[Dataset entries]
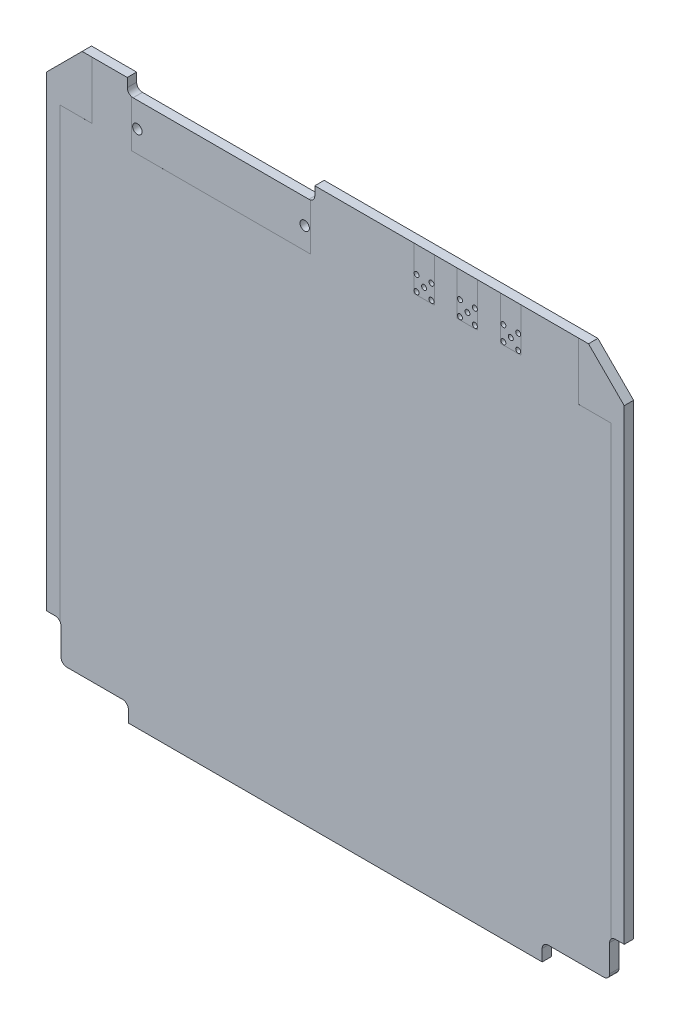
from build123d import *

# Parameters (mm, degrees)
SKETCH1_R           = 0.425
SKETCH1_R_2         = 0.8
BOSS_EXTRUDE1_DEPTH = 1.6
CUT_EXTRUDE1_DEPTH  = 0.0001
CUT_EXTRUDE2_DEPTH  = 0.0001
PARTFOOTPRINTS_W    = 30.48
PARTFOOTPRINTS_H    = 7.989227112
PARTFOOTPRINTS_W_2  = 3.5
PARTFOOTPRINTS_H_2  = 7.45
CUT_EXTRUDE3_DEPTH  = 0.0001


with BuildPart() as part:
    # Sketch1 → Boss-Extrude1 (new body)
    with BuildSketch(Plane(origin=(0, 0, -0.0125), x_dir=(-1, 0, 0), z_dir=(0, 0, -1))):
        with BuildLine():
            Line((35.3, -50), (35.3, -48))
            ThreePointArc((35.3, -48), (35.592893219, -47.292893219), (36.3, -47))
            Line((36.3, -47), (45.8, -47))
            ThreePointArc((45.8, -47), (46.507106781, -46.707106781), (46.8, -46))
            Line((46.8, -46), (46.8, -41.4))
            ThreePointArc((46.8, -41.4), (47.092893219, -40.692893219), (47.8, -40.4))
            Line((47.8, -40.4), (49.3, -40.4))
            Line((49.3, -40.4), (49.3, 39.2))
            Line((49.3, 39.2), (43.2, 45.3))
            Line((43.2, 45.3), (35.500000002, 45.3))
            Line((35.500000002, 45.3), (35.500000002, 43.8))
            ThreePointArc((35.500000002, 43.8), (35.207106783, 43.092893219), (34.500000002, 42.8))
            Line((34.500000002, 42.8), (4.499999998, 42.8))
            ThreePointArc((4.499999998, 42.8), (3.792893217, 43.092893219), (3.499999998, 43.8))
            Line((3.499999998, 43.8), (3.499999998, 45.3))
            Line((3.499999998, 45.3), (-43.2, 45.3))
            Line((-43.2, 45.3), (-49.3, 39.2))
            Line((-49.3, 39.2), (-49.3, -40.4))
            Line((-49.3, -40.4), (-47.8, -40.4))
            ThreePointArc((-47.8, -40.4), (-47.092893219, -40.692893219), (-46.8, -41.4))
            Line((-46.8, -41.4), (-46.8, -46))
            ThreePointArc((-46.8, -46), (-46.507106781, -46.707106781), (-45.8, -47))
            Line((-45.8, -47), (-36.3, -47))
            ThreePointArc((-36.3, -47), (-35.592893219, -47.292893219), (-35.3, -48))
            Line((-35.3, -48), (-35.3, -50))
            Line((-35.3, -50), (35.3, -50))
        make_face()
        with Locations((-21.27, 40.87)):
            Circle(SKETCH1_R, mode=Mode.SUBTRACT)
        with Locations((-23.81, 40.87)):
            Circle(SKETCH1_R, mode=Mode.SUBTRACT)
        with Locations((-22.54, 39.6)):
            Circle(SKETCH1_R, mode=Mode.SUBTRACT)
        with Locations((-13.87, 40.87)):
            Circle(SKETCH1_R, mode=Mode.SUBTRACT)
        with Locations((-23.81, 38.33)):
            Circle(SKETCH1_R, mode=Mode.SUBTRACT)
        with Locations((-16.41, 40.87)):
            Circle(SKETCH1_R, mode=Mode.SUBTRACT)
        with Locations((-15.14, 39.6)):
            Circle(SKETCH1_R, mode=Mode.SUBTRACT)
        with Locations((-21.27, 38.33)):
            Circle(SKETCH1_R, mode=Mode.SUBTRACT)
        with Locations((-28.67, 40.87)):
            Circle(SKETCH1_R, mode=Mode.SUBTRACT)
        with Locations((-31.21, 40.87)):
            Circle(SKETCH1_R, mode=Mode.SUBTRACT)
        with Locations((-16.41, 38.33)):
            Circle(SKETCH1_R, mode=Mode.SUBTRACT)
        with Locations((-29.94, 39.6)):
            Circle(SKETCH1_R, mode=Mode.SUBTRACT)
        with Locations((-31.21, 38.33)):
            Circle(SKETCH1_R, mode=Mode.SUBTRACT)
        with Locations((-28.67, 38.33)):
            Circle(SKETCH1_R, mode=Mode.SUBTRACT)
        with Locations((33.775, 38.54)):
            Circle(SKETCH1_R_2, mode=Mode.SUBTRACT)
        with Locations((5.225, 38.54)):
            Circle(SKETCH1_R_2, mode=Mode.SUBTRACT)
        with Locations((-13.87, 38.33)):
            Circle(SKETCH1_R, mode=Mode.SUBTRACT)
    extrude(amount=-BOSS_EXTRUDE1_DEPTH)

    # thermalContacts_lower → Cut-Extrude1 (cut)
    with BuildSketch(Plane(origin=(0, 0, -0.0125), x_dir=(-1, 0, 0), z_dir=(0, 0, -1))):
        Polygon((47, 35.5), (47, -41.5), (59.827263463, -41.5), (59.827263463, 47), (41.5, 47), (41.5, 41.5), (41.5, 35.5), align=None)
        Polygon((-47, 35.5), (-47, -41.5), (-56.192158269, -41.5), (-56.192158269, 47), (-41.5, 47), (-41.5, 41.5), (-41.5, 35.5), align=None)
    extrude(amount=-CUT_EXTRUDE1_DEPTH, mode=Mode.SUBTRACT)

    # thermalContacts_upper → Cut-Extrude2 (cut)
    with BuildSketch(Plane.XY.offset(1.5875)):
        Polygon((-47, 35.5), (-47, -41.5), (-56.192158269, -41.5), (-56.192158269, 47), (-41.5, 47), (-41.5, 41.5), (-41.5, 35.5), align=None)
        Polygon((47, 35.5), (47, -41.5), (59.827263463, -41.5), (59.827263463, 47), (41.5, 47), (41.5, 41.5), (41.5, 35.5), align=None)
    extrude(amount=-CUT_EXTRUDE2_DEPTH, mode=Mode.SUBTRACT)

    # partFootprints → Cut-Extrude3 (cut)
    with BuildSketch(Plane.XY.offset(1.5875)):
        with Locations((-19.5, 38.834613556)):
            Rectangle(PARTFOOTPRINTS_W, PARTFOOTPRINTS_H)
        with Locations((15.14, 41.575)):
            Rectangle(PARTFOOTPRINTS_W_2, PARTFOOTPRINTS_H_2)
        with Locations((22.54, 41.575)):
            Rectangle(PARTFOOTPRINTS_W_2, PARTFOOTPRINTS_H_2)
        with Locations((29.94, 41.575)):
            Rectangle(PARTFOOTPRINTS_W_2, PARTFOOTPRINTS_H_2)
    extrude(amount=-CUT_EXTRUDE3_DEPTH, mode=Mode.SUBTRACT)


solid = part.part
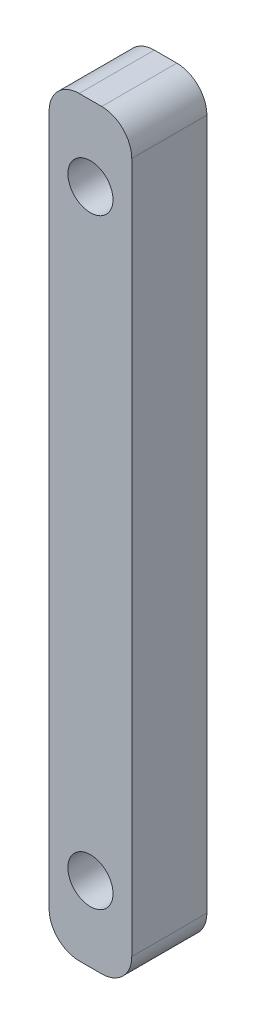
from build123d import *

# Parameters (mm, degrees)
SKETCH_1_W          = 5.5
SKETCH_1_H          = 50
EXTRUDE_1_DEPTH     = 5
SKETCH_2_R          = 1.5
CUT_EXTRUDE_1_DEPTH = 26.642981496
FILLET_1_R          = 2


with BuildPart() as part:
    # 草图1 → 凸台-拉伸1 (new body)
    with BuildSketch(Plane.XY):
        Rectangle(SKETCH_1_W, SKETCH_1_H)
    extrude(amount=EXTRUDE_1_DEPTH)

    # 草图2 → 切除-拉伸1 (cut, through all)
    with BuildSketch(Plane.XY.offset(5)):
        with Locations((0, 20)):
            Circle(SKETCH_2_R)
        with Locations((0, -20)):
            Circle(SKETCH_2_R)
    extrude(amount=-CUT_EXTRUDE_1_DEPTH, mode=Mode.SUBTRACT)

    # 圆角1
    fillet_1_edges = [part.edges().sort_by_distance(p)[0] for p in [
        (-2.75, -25, 2.5),
        (2.75, -25, 2.5),
        (2.75, 25, 2.5),
        (-2.75, 25, 2.5),
    ]]
    fillet(fillet_1_edges, radius=FILLET_1_R)


solid = part.part
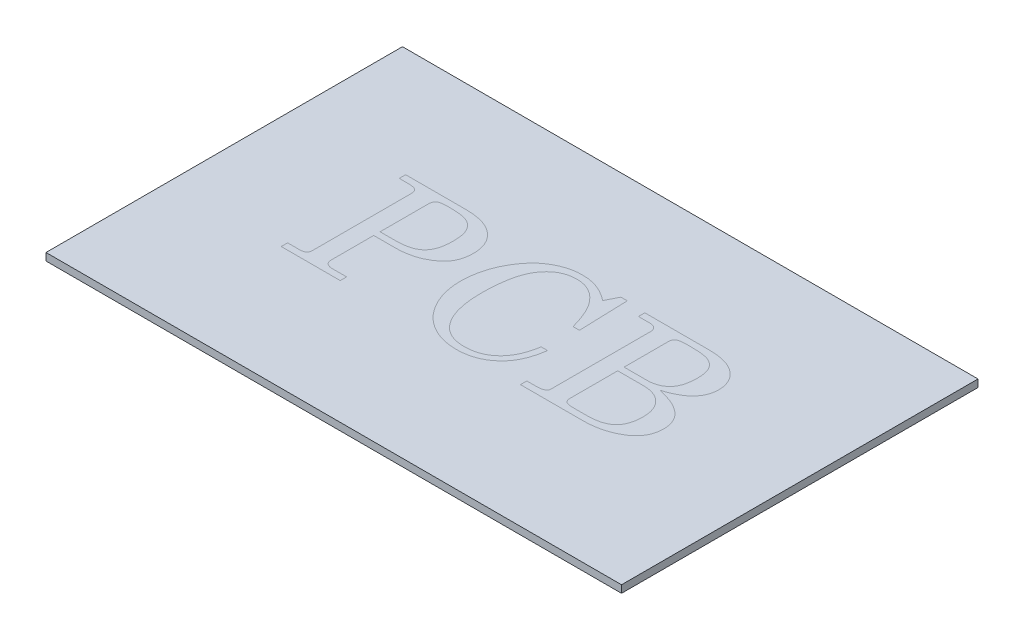
from build123d import *

# Parameters (mm, degrees)
SKETCH1_W           = 155
SKETCH1_H           = 96
BOSS_EXTRUDE1_DEPTH = 2


with BuildPart() as part:
    # Sketch1 → Boss-Extrude1 (new body)
    with BuildSketch(Plane(origin=(0, 0, 0), x_dir=(1, 0, 0), z_dir=(0, 1, 0))):
        Rectangle(SKETCH1_W, SKETCH1_H)
    extrude(amount=BOSS_EXTRUDE1_DEPTH)


solid = part.part

## Task item
Scan the lines above for "amount", then copy every one that has it.

## Task solution
    extrude(amount=-BOSS_EXTRUDE1_DEPTH)
    extrude(amount=-CUT_EXTRUDE1_DEPTH, mode=Mode.SUBTRACT)
    extrude(amount=-CUT_EXTRUDE2_DEPTH, mode=Mode.SUBTRACT)
    extrude(amount=-CUT_EXTRUDE3_DEPTH, mode=Mode.SUBTRACT)
    extrude(amount=EXTRUDE_1_DEPTH)
    extrude(amount=-CUT_EXTRUDE_1_DEPTH, mode=Mode.SUBTRACT)
    extrude(amount=BOSS_EXTRUDE1_DEPTH)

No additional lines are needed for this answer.